What did the research involve?

The research involved 352 children or young adults, aged at least five years, who had CF but normal or minimally-impaired lung function. This was confirmed using a test of ‘forced expiratory volume’ at one second (FEV1, which is the volume of air that can be forcefully breathed out in the first second of exhalation). Participants were required to display an FEV1 score of at least 75% of that expected for a person of their age, sex and height. Participants were on stable medications and had had no illnesses within the past four weeks. They were randomly allocated 24 weeks’ treatment with either inhaled denufosol (60mg three times daily) or a placebo medication (inhaled saline).

Safety was assessed through adverse event reporting, physical examination, chest X-rays and other clinical and laboratory assessment. The main efficacy outcome was change in FEV1 performance at 24 weeks.

What were the basic results?

The study was completed by 89% of those randomised. At 24 weeks there was a borderline significant increase in FEV1 in the denufosol group (0.048L increase) compared with the placebo group (0.003L increase; difference between groups p=0.047).

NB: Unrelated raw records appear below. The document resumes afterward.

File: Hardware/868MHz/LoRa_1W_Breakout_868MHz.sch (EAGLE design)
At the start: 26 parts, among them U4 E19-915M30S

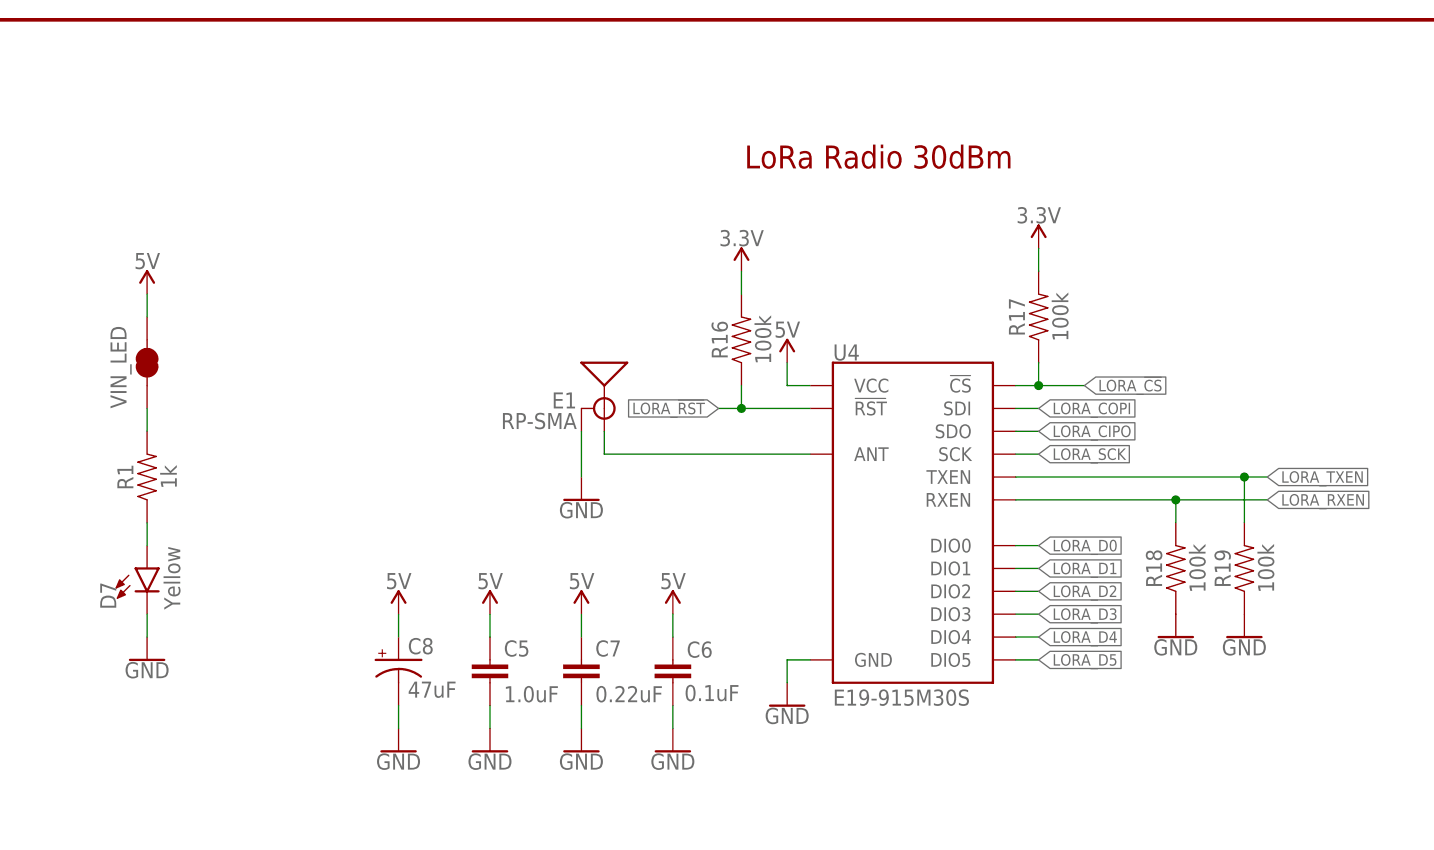
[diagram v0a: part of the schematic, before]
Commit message: Add 433 and 868
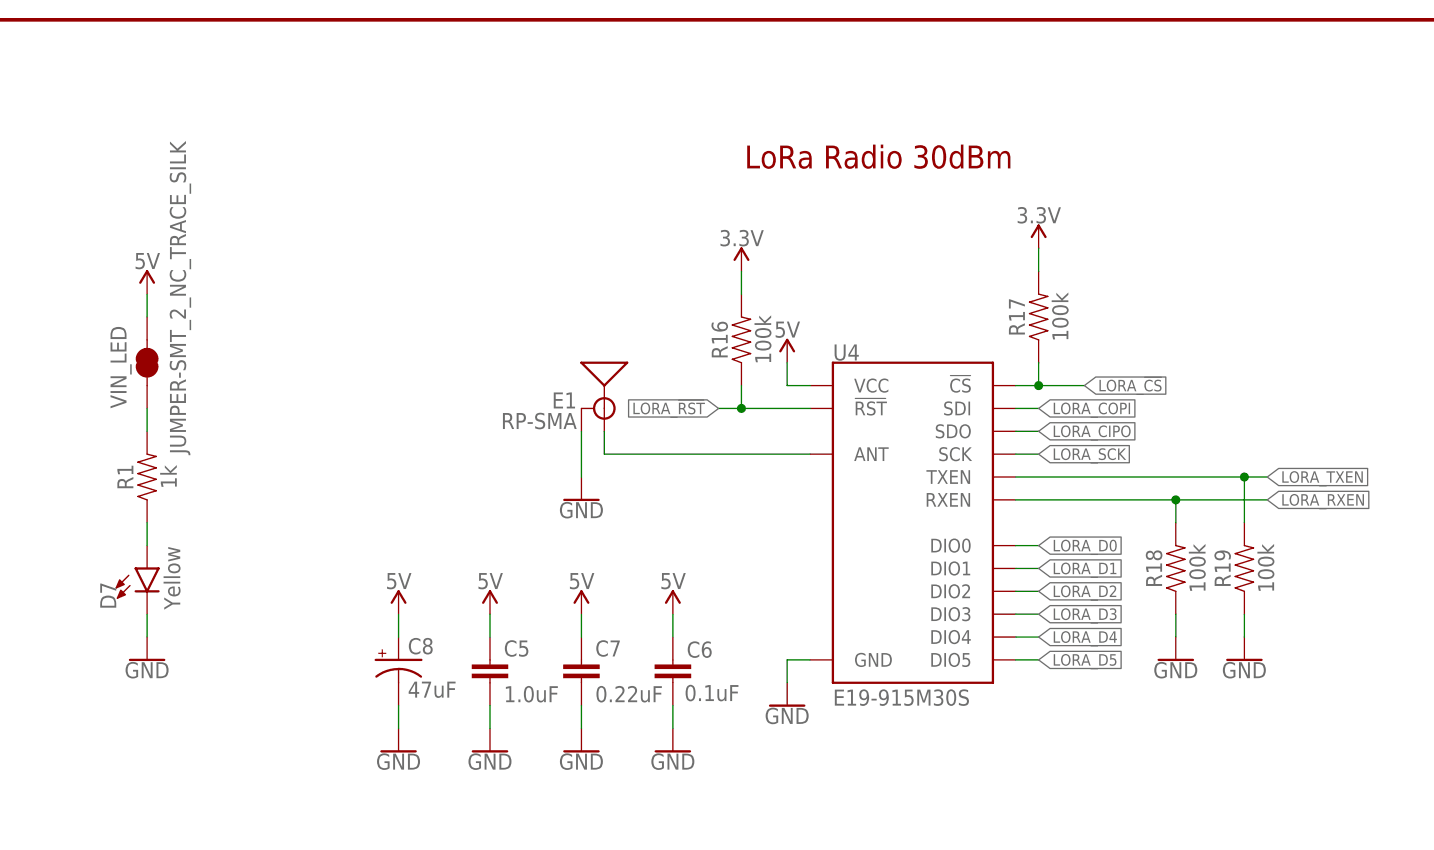
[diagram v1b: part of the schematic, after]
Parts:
- U4: device SparkFun-RF:E19-915MS1W -> SparkFun-RF:LORA-E19868MHZ
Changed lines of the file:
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@@
 <part name="GND16" library="SparkFun-PowerSymbols" deviceset="GND" device=""/>
 <part name="GND24" library="SparkFun-PowerSymbols" deviceset="GND" device=""/>
-<part name="VIN_LED" library="SparkFun-Jumpers" deviceset="JUMPER-SMT_2_NC_TRACE" device="_SILK" package3d_urn="urn:adsk.eagle:package:39281/1" value=""/>
+<part name="VIN_LED" library="SparkFun-Jumpers" deviceset="JUMPER-SMT_2_NC_TRACE" device="_SILK" package3d_urn="urn:adsk.eagle:package:39281/1" value="JUMPER-SMT_2_NC_TRACE_SILK"/>
 <part name="D7" library="SparkFun-LED" deviceset="LED-YELLOW" device="0603" value="Yellow"/>
 <part name="GND28" library="SparkFun-PowerSymbols" deviceset="GND" device=""/>
 <part name="SUPPLY8" library="SparkFun-PowerSymbols" deviceset="5V" device=""/>
 <part name="GND31" library="SparkFun-PowerSymbols" deviceset="GND" device=""/>
-<part name="U4" library="SparkFun-RF" deviceset="E19-915MS1W" device="" value="E19-915M30S"/>
+<part name="U4" library="SparkFun-RF" deviceset="LORA-E19" device="868MHZ" value="E19-915M30S"/>
 <part name="R16" library="SparkFun-Resistors" deviceset="100KOHM" device="-0603-1/10W-1%" value="100k"/>
 <part name="SUPPLY12" library="SparkFun-PowerSymbols" deviceset="3.3V" device=""/>
@@
 <attribute name="VALUE" x="166.624" y="124.46" size="1.778" layer="96" font="vector" rot="R90" align="top-center"/>
 </instance>
-<instance part="GND33" gate="1" x="157.48" y="116.84" smashed="yes">
-<attribute name="VALUE" x="157.48" y="116.586" size="1.778" layer="96" align="top-center"/>
-</instance>
-<instance part="GND34" gate="1" x="165.1" y="116.84" smashed="yes">
-<attribute name="VALUE" x="165.1" y="116.586" size="1.778" layer="96" align="top-center"/>
+<instance part="GND33" gate="1" x="157.48" y="114.3" smashed="yes">
+<attribute name="VALUE" x="157.48" y="114.046" size="1.778" layer="96" align="top-center"/>
+</instance>
+<instance part="GND34" gate="1" x="165.1" y="114.3" smashed="yes">
+<attribute name="VALUE" x="165.1" y="114.046" size="1.778" layer="96" align="top-center"/>
 </instance>
 <instance part="SUPPLY2" gate="G$1" x="101.6" y="119.38" smashed="yes">
@@
 <pinref part="R18" gate="G$1" pin="1"/>
 <pinref part="GND33" gate="1" pin="GND"/>
+<wire x1="157.48" y1="116.84" x2="157.48" y2="119.38" width="0.1524" layer="91"/>
 </segment>
 <segment>
 <pinref part="R19" gate="G$1" pin="1"/>
 <pinref part="GND34" gate="1" pin="GND"/>
-</segment>
-<segment>
+<wire x1="165.1" y1="116.84" x2="165.1" y2="119.38" width="0.1524" layer="91"/>
+</segment>
+<segment>

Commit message: Update schematics
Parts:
- U4: value E19-915M30S -> E19-868M30S
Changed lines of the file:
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@@
 <part name="GND16" library="SparkFun-PowerSymbols" deviceset="GND" device=""/>
 <part name="GND24" library="SparkFun-PowerSymbols" deviceset="GND" device=""/>
-<part name="VIN_LED" library="SparkFun-Jumpers" deviceset="JUMPER-SMT_2_NC_TRACE" device="_SILK" package3d_urn="urn:adsk.eagle:package:39281/1" value="JUMPER-SMT_2_NC_TRACE_SILK"/>
+<part name="VIN_LED" library="SparkFun-Jumpers" deviceset="JUMPER-SMT_2_NC_TRACE" device="_SILK" package3d_urn="urn:adsk.eagle:package:39281/1" value=""/>
 <part name="D7" library="SparkFun-LED" deviceset="LED-YELLOW" device="0603" value="Yellow"/>
 <part name="GND28" library="SparkFun-PowerSymbols" deviceset="GND" device=""/>
 <part name="SUPPLY8" library="SparkFun-PowerSymbols" deviceset="5V" device=""/>
 <part name="GND31" library="SparkFun-PowerSymbols" deviceset="GND" device=""/>
-<part name="U4" library="SparkFun-RF" deviceset="LORA-E19" device="868MHZ" value="E19-915M30S"/>
+<part name="U4" library="SparkFun-RF" deviceset="LORA-E19" device="868MHZ" value="E19-868M30S"/>
 <part name="R16" library="SparkFun-Resistors" deviceset="100KOHM" device="-0603-1/10W-1%" value="100k"/>
 <part name="SUPPLY12" library="SparkFun-PowerSymbols" deviceset="3.3V" device=""/>

The groups showed no significant differences in other, secondary measures of lung function: forced vital capacity (volume of air during maximal exhalation after maximal inhalation), forced expiratory flow (flow of air during the middle phase of exhalation) and no difference in the rate of exacerbation of lung function (defined by meeting at least four of a set of 12 clinical signs and symptoms).

Denufosol was well-tolerated, with an adverse event profile similar to the inactive placebo drug. Nearly all patients in both groups reported at least one adverse effect during the study, most commonly cough. Sinusitis, runny nose and headache were reported more often in the placebo group. Withdrawals due to adverse effects were rare, and occurred with a 1-3% frequency across both groups.

How did the researchers interpret the results?

The researcher concluded that the results of this double-blind, placebo-controlled randomised controlled trial demonstrate that the ion channel regulator denufosol has efficacy and safety profiles suitable for early intervention in people with cystic fibrosis who have little or no lung function impairment.

Conclusion

This was a well-conducted randomised controlled trial with strengths including its relatively large size and high completion rates in both denufosol and placebo groups. Denufosol had a good safety profile, and at 24 weeks it gave an improvement in the primary outcome of FEV1 (the volume of air that can be forcefully breathed out in the first second of exhalation).

Though this trial has promising results, it should be remembered that:

  • After denufosol treatment, FEV1 performance was improved by 2% compared with that at the start of the study (a 48ml increase). Though better than the 3ml improvement in those receiving the saline control solution the difference between the groups only just reached statistical significance (p=0.047 [significance is <0.05]).
  • This initial trial did not demonstrate any improvements in other measures of lung function or on the rate of infections, which are a recurring problem among people with CF.
  • All study members had early-stage disease with no or minimal impairment of lung function (average FEV1 92% of what would be expected for a person of their age, sex and height). Therefore, the findings cannot be extrapolated to children and young adults with CF who have greater impairment or to older groups with mild CF impairment.
  • Further assessment of safety and efficacy will be required in a larger sample of people with CF treated over a longer time period. Such a study is currently ongoing.

Cystic fibrosis is an incurable condition that can cause a number of major health problems. While current treatments tend to focus on management of the symptoms of CF, it is encouraging to see the development of drugs designed to target the root biological problems that lie behind the condition. That said, this well-conducted research is only the first trial of denufosol, and further, larger trials will now be needed to give a better indication of its safety and efficacy over the longer term, and in sufferers who have different levels of lung function.